▶ _Exercise_
Among the records that follow, set down only the lines from the one containing "settings GRTTargetCC: CombineOutputUpdateFcns=on" to the one containing "spd [rad/s] : Inport", both included, exactly.

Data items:
[Start of section]

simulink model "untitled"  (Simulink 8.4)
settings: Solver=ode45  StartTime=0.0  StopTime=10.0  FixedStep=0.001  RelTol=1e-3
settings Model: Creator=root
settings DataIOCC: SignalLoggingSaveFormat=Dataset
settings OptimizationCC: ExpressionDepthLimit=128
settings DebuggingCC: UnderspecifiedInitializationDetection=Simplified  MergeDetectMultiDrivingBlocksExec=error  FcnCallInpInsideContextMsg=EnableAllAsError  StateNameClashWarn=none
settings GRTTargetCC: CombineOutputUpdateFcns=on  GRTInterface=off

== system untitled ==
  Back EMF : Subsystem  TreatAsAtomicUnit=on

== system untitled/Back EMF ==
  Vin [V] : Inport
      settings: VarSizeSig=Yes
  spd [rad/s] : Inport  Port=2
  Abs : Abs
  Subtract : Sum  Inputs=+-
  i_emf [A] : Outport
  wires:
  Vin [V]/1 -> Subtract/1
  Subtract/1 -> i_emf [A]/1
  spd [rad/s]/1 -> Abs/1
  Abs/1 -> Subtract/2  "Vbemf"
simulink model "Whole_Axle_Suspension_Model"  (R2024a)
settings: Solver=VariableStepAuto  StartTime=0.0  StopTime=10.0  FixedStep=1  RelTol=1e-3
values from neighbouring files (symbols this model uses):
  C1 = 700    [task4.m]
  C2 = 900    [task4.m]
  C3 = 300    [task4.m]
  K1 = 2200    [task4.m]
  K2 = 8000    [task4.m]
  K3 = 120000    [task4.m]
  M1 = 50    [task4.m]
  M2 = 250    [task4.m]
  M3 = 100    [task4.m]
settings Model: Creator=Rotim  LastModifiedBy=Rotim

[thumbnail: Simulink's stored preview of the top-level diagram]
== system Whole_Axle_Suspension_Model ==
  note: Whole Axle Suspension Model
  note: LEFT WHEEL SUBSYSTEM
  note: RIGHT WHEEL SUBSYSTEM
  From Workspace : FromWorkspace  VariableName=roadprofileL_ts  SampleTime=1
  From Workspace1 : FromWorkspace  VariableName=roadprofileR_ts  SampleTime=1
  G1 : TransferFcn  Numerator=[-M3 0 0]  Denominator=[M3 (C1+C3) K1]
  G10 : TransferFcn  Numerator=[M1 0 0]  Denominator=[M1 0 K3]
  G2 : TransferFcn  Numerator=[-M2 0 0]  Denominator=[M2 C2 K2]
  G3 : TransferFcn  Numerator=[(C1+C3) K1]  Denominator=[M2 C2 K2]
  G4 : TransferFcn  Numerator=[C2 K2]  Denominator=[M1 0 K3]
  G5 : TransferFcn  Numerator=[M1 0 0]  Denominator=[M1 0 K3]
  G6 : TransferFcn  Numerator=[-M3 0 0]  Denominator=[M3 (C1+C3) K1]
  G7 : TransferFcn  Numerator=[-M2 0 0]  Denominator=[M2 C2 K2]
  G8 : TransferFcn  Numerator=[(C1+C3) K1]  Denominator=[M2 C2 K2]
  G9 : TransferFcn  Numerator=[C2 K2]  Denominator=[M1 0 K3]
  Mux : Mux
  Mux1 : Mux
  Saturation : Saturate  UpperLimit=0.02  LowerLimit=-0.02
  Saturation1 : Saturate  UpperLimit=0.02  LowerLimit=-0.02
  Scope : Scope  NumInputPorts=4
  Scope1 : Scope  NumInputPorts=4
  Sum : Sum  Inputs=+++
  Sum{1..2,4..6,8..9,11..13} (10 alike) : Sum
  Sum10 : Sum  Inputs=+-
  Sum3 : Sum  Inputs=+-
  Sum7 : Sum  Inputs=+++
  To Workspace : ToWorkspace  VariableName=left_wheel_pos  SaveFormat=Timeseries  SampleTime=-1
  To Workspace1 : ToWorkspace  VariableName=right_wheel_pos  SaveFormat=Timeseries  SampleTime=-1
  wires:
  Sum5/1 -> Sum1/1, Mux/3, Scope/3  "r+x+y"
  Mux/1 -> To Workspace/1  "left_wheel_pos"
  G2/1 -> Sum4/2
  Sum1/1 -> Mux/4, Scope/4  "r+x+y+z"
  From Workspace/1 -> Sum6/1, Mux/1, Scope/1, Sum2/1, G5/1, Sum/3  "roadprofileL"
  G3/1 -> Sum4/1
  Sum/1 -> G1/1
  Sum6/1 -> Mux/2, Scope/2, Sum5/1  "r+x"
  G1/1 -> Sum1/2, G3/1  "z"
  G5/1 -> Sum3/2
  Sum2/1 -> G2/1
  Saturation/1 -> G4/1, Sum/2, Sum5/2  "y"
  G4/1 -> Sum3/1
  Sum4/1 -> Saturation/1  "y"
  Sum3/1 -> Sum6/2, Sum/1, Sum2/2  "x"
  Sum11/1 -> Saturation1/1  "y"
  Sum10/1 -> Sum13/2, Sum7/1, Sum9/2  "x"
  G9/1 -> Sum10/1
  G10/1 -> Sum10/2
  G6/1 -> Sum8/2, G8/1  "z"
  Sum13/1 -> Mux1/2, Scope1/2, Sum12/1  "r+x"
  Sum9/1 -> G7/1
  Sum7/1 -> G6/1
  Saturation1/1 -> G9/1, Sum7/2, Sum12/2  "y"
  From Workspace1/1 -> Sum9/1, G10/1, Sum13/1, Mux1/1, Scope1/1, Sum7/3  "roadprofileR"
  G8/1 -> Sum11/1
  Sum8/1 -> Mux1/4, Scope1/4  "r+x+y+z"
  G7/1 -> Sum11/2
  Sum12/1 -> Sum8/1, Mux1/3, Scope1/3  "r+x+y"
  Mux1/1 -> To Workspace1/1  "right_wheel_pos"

[End of section]

▶ _Task result_
settings GRTTargetCC: CombineOutputUpdateFcns=on  GRTInterface=off

== system untitled ==
  Back EMF : Subsystem  TreatAsAtomicUnit=on

== system untitled/Back EMF ==
  Vin [V] : Inport
      settings: VarSizeSig=Yes
  spd [rad/s] : Inport  Port=2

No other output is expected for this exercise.